### WHAT IS BEING ASKED:
Of all the lines below, return only those starting with the line holding "#76=CARTESIAN_POINT('',(0.60000134,-0.499999,0.5499989));" and going on through the line holding "#86=ORIENTED_EDGE('',*,*,#40,.F.);", exactly as written.

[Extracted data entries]
+ + + + + + +

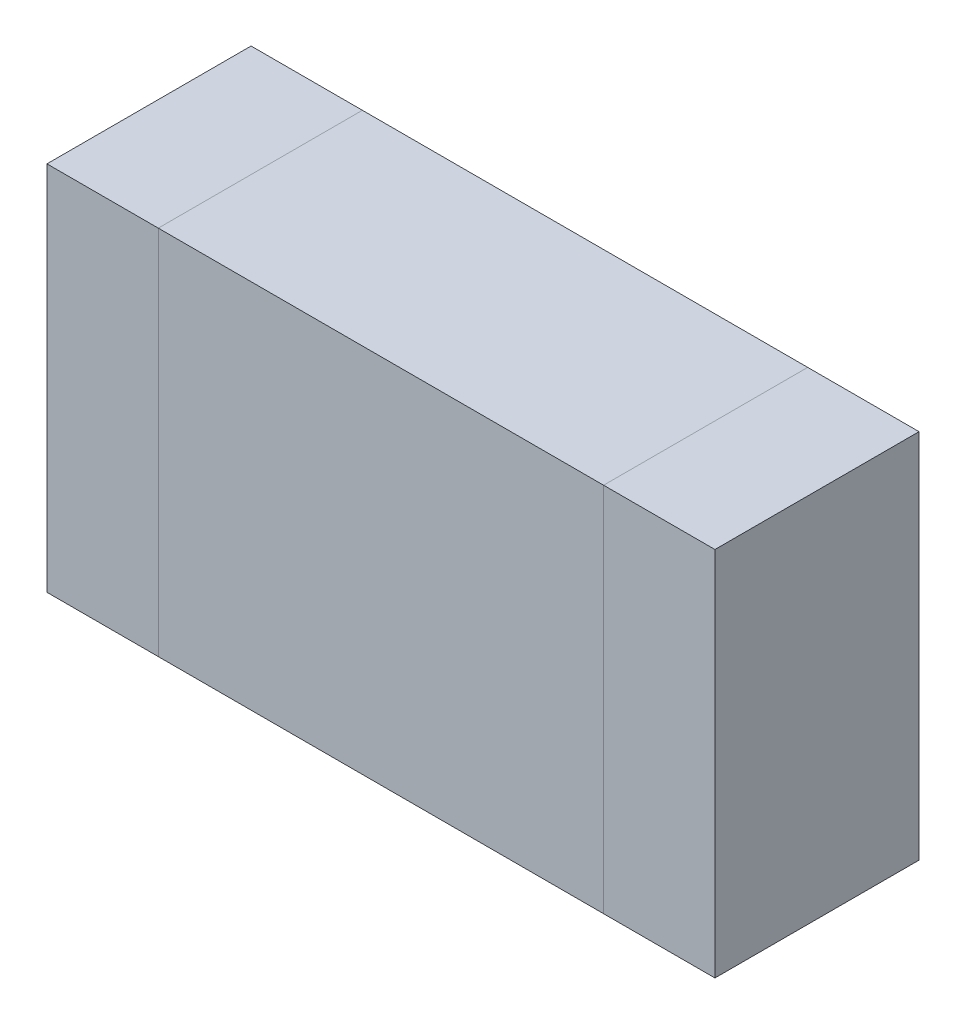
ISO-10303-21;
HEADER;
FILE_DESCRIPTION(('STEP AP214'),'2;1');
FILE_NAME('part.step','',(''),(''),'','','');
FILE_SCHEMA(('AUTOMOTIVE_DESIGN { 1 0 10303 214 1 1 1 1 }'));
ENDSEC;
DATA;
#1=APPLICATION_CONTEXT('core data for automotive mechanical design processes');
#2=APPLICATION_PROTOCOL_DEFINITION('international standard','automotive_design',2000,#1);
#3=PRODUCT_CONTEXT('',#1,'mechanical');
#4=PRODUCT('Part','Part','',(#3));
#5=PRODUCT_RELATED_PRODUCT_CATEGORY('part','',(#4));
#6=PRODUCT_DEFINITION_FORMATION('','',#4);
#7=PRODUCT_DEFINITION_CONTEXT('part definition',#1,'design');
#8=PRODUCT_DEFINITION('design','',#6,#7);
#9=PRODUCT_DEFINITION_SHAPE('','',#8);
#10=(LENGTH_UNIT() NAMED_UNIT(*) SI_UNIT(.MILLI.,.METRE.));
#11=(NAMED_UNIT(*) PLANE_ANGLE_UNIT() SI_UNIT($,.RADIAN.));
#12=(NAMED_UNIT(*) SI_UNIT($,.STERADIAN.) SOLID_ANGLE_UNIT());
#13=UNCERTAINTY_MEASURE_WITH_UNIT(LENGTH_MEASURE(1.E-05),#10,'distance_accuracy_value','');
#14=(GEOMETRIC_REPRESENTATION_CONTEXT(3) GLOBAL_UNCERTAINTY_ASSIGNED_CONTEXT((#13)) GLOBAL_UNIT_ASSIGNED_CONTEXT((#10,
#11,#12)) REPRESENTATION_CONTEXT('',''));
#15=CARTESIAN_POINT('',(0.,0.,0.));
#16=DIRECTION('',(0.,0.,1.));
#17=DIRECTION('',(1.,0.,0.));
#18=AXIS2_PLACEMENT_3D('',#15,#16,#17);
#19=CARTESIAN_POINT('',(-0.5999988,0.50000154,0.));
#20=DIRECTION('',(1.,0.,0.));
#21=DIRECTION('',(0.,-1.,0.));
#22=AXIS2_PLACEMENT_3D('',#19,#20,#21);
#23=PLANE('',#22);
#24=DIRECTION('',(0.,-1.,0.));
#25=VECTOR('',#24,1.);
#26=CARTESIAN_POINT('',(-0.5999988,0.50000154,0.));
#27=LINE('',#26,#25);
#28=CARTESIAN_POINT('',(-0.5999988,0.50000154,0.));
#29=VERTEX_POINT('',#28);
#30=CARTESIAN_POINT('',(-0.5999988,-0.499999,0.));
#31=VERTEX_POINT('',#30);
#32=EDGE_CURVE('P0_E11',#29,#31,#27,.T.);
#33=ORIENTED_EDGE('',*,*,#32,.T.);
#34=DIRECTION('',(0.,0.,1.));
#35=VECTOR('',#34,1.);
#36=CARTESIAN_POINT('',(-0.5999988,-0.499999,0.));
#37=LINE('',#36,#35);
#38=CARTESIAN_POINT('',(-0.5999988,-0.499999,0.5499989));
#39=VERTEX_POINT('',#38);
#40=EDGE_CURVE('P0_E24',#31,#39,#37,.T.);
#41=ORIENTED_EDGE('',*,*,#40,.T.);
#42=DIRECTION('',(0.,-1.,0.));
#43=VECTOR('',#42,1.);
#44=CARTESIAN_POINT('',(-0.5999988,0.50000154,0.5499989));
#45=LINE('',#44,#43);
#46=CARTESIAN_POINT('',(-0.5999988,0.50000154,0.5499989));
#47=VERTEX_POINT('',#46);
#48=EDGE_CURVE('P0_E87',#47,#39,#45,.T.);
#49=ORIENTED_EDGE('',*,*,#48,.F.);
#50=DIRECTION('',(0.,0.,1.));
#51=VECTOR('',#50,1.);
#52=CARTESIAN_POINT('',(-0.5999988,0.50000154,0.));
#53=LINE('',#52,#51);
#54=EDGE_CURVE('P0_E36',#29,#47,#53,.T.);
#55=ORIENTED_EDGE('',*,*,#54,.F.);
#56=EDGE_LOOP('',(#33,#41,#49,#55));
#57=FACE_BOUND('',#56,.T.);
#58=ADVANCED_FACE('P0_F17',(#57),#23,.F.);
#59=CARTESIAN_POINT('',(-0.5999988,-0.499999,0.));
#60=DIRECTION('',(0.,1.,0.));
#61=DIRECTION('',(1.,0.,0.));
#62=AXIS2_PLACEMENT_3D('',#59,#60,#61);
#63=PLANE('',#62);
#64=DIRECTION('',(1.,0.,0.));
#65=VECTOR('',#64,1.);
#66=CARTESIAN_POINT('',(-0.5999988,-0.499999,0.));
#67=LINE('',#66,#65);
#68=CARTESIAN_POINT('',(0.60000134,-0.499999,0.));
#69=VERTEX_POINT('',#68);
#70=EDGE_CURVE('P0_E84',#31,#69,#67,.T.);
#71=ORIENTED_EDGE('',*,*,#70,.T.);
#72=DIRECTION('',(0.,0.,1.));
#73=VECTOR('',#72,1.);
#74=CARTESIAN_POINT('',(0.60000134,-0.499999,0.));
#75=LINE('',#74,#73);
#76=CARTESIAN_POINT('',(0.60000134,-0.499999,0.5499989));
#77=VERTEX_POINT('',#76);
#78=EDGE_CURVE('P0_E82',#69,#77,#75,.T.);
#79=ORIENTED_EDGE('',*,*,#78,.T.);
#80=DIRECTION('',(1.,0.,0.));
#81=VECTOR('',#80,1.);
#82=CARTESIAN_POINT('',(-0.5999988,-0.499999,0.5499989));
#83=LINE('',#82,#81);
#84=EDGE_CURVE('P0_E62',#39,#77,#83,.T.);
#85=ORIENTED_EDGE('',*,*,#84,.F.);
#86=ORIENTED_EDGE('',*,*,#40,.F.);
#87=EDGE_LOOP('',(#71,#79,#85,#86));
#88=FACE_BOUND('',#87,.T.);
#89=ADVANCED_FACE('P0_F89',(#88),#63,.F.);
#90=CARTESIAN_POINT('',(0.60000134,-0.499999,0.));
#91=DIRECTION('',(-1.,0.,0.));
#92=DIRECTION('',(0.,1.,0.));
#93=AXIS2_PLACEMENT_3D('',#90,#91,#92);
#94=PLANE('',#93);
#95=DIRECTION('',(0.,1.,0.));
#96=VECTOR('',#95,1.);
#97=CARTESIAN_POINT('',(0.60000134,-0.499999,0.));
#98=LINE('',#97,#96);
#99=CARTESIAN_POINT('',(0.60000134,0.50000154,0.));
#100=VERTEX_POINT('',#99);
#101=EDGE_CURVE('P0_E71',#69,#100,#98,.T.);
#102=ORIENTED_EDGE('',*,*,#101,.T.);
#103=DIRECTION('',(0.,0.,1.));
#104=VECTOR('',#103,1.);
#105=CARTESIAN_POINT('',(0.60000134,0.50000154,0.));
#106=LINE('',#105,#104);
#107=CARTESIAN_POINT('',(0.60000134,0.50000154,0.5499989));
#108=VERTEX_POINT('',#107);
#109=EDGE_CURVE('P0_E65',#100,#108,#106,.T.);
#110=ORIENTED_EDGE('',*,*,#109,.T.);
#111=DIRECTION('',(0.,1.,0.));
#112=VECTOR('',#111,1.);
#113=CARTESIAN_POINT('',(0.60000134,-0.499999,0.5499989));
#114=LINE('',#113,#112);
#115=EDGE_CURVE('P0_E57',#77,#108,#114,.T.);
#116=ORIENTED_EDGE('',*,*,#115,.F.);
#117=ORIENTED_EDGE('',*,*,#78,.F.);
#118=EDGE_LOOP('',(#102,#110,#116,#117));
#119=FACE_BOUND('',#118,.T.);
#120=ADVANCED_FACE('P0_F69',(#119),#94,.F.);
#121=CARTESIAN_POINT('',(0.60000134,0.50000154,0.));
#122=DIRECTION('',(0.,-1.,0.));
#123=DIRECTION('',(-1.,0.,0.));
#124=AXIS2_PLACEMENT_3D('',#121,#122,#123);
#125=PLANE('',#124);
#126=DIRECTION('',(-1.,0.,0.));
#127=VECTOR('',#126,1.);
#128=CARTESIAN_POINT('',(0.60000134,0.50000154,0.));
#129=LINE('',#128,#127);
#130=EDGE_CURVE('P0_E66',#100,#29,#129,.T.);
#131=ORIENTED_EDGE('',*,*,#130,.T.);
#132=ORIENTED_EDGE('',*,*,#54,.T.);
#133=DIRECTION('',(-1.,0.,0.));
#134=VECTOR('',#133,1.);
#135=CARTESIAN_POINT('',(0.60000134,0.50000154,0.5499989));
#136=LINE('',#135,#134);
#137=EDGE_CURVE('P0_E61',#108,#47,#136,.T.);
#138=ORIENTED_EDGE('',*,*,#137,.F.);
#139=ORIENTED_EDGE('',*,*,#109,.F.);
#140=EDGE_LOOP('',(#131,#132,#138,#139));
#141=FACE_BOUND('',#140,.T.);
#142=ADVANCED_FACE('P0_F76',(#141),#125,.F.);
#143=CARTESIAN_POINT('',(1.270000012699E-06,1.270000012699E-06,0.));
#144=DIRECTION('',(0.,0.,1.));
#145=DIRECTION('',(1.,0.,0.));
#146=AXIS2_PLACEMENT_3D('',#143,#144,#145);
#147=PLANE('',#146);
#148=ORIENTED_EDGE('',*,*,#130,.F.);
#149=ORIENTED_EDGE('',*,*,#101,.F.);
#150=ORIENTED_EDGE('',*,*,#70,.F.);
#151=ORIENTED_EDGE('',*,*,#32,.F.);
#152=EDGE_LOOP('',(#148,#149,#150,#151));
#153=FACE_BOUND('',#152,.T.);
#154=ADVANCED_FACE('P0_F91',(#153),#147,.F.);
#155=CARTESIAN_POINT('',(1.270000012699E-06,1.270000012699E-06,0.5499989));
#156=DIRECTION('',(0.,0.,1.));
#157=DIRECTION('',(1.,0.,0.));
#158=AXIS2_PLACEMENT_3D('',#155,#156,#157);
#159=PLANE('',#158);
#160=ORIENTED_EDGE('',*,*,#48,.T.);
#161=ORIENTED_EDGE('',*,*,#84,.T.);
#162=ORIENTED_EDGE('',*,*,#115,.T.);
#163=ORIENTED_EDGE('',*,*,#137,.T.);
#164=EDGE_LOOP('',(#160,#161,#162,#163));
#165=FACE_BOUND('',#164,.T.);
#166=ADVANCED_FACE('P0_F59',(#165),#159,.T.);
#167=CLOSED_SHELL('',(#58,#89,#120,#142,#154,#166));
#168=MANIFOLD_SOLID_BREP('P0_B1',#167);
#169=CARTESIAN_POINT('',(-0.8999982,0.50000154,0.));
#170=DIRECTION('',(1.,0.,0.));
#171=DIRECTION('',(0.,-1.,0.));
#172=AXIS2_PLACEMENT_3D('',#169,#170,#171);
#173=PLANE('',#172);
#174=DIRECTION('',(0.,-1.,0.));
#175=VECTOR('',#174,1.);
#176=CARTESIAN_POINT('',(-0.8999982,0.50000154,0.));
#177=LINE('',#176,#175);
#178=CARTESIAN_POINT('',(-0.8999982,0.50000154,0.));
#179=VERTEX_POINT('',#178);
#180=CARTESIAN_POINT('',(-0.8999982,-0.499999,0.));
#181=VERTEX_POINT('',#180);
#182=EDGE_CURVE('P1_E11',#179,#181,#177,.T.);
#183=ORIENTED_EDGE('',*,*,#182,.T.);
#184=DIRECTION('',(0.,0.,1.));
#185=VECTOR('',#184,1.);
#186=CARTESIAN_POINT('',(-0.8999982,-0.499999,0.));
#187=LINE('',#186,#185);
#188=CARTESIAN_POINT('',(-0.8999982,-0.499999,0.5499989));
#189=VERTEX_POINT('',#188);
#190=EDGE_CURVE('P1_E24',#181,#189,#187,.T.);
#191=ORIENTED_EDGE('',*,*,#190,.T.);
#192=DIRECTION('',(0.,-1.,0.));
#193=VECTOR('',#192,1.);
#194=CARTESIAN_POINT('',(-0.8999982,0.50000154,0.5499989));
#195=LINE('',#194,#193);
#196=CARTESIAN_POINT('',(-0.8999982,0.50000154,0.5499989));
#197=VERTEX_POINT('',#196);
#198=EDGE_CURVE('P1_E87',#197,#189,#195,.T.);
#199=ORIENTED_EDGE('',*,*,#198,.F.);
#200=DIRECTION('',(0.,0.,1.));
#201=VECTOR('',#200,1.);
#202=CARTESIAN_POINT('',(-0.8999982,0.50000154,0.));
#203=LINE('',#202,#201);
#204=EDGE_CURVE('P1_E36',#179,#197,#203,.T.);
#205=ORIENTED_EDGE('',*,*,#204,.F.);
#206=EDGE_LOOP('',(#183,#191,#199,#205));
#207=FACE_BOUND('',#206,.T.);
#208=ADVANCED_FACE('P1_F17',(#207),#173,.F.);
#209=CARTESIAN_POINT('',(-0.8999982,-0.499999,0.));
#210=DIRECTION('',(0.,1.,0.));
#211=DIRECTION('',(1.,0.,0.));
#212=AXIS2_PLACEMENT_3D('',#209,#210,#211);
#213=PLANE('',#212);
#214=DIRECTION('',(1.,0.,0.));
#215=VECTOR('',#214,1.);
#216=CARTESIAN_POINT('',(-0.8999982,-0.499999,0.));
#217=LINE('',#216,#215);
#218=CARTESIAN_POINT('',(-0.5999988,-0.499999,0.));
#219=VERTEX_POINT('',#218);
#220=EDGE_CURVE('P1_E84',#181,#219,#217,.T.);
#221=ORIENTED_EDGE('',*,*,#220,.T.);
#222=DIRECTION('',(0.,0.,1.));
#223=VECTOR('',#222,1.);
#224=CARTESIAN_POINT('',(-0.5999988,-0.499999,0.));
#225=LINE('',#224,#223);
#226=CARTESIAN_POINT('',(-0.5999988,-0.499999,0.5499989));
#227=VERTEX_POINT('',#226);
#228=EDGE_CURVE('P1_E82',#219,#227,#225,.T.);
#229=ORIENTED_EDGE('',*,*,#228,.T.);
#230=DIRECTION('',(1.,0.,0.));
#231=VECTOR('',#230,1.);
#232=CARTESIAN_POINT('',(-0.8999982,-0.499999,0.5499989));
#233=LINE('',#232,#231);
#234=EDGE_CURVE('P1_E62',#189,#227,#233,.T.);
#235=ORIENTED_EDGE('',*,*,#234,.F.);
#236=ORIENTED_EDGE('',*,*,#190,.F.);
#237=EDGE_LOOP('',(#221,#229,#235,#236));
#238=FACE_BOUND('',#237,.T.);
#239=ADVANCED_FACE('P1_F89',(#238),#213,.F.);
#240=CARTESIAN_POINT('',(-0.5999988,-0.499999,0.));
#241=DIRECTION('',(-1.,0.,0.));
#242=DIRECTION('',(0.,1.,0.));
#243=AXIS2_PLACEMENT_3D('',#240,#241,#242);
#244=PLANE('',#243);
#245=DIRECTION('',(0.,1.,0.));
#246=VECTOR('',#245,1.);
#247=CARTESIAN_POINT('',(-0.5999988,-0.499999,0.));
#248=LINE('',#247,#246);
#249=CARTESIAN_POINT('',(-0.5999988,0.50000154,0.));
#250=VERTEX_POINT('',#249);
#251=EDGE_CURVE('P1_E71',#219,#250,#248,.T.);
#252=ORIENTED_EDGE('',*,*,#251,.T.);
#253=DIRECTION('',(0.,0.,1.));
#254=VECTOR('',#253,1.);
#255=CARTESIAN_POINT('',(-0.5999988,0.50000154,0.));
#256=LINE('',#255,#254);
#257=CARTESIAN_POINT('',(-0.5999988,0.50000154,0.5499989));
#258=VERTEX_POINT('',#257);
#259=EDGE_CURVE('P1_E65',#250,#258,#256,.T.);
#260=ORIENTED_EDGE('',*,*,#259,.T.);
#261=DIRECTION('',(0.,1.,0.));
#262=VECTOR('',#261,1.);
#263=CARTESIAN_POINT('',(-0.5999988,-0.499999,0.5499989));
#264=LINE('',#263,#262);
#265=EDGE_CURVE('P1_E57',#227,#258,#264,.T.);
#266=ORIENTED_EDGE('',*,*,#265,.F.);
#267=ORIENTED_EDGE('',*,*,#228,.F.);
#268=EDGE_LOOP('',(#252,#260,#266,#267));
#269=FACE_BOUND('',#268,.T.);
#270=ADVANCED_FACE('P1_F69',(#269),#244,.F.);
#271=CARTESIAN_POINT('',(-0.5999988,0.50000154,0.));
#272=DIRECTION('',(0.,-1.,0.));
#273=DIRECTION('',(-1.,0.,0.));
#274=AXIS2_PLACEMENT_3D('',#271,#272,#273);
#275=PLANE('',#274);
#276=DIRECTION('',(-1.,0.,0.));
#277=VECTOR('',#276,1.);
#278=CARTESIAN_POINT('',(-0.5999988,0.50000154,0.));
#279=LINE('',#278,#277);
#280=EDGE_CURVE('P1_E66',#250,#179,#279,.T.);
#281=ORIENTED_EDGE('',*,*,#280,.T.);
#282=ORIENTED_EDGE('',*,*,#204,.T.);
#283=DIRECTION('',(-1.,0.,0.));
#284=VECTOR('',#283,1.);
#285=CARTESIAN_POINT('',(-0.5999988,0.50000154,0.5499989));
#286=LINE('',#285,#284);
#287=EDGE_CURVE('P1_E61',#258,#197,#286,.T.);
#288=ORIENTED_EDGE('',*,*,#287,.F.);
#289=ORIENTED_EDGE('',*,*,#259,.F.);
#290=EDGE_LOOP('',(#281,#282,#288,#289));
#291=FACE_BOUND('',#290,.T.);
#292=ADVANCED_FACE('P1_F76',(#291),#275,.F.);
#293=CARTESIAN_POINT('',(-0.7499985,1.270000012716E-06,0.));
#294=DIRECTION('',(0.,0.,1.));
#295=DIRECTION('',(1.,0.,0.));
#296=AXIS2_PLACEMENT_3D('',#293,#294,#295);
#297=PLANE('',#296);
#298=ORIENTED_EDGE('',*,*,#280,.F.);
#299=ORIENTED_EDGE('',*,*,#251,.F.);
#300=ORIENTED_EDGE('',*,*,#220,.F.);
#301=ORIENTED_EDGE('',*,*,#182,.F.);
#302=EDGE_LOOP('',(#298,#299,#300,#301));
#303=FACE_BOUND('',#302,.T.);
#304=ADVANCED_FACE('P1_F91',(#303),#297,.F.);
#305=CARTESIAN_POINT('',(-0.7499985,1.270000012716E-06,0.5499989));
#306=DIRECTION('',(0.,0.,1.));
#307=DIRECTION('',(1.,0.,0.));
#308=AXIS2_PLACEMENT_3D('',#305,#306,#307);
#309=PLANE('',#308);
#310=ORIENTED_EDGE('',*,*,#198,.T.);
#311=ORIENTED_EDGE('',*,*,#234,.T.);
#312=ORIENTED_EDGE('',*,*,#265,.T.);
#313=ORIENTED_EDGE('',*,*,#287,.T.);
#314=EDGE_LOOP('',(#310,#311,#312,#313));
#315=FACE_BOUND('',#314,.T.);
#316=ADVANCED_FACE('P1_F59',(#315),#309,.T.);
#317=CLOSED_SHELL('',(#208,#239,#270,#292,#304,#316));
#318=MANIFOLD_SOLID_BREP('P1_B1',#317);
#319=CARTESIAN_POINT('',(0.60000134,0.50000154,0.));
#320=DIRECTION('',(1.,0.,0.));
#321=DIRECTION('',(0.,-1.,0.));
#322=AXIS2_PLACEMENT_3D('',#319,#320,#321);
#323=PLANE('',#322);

+ + + + + + +

### TASK RESPONSE:
#76=CARTESIAN_POINT('',(0.60000134,-0.499999,0.5499989));
#77=VERTEX_POINT('',#76);
#78=EDGE_CURVE('P0_E82',#69,#77,#75,.T.);
#79=ORIENTED_EDGE('',*,*,#78,.T.);
#80=DIRECTION('',(1.,0.,0.));
#81=VECTOR('',#80,1.);
#82=CARTESIAN_POINT('',(-0.5999988,-0.499999,0.5499989));
#83=LINE('',#82,#81);
#84=EDGE_CURVE('P0_E62',#39,#77,#83,.T.);
#85=ORIENTED_EDGE('',*,*,#84,.F.);
#86=ORIENTED_EDGE('',*,*,#40,.F.);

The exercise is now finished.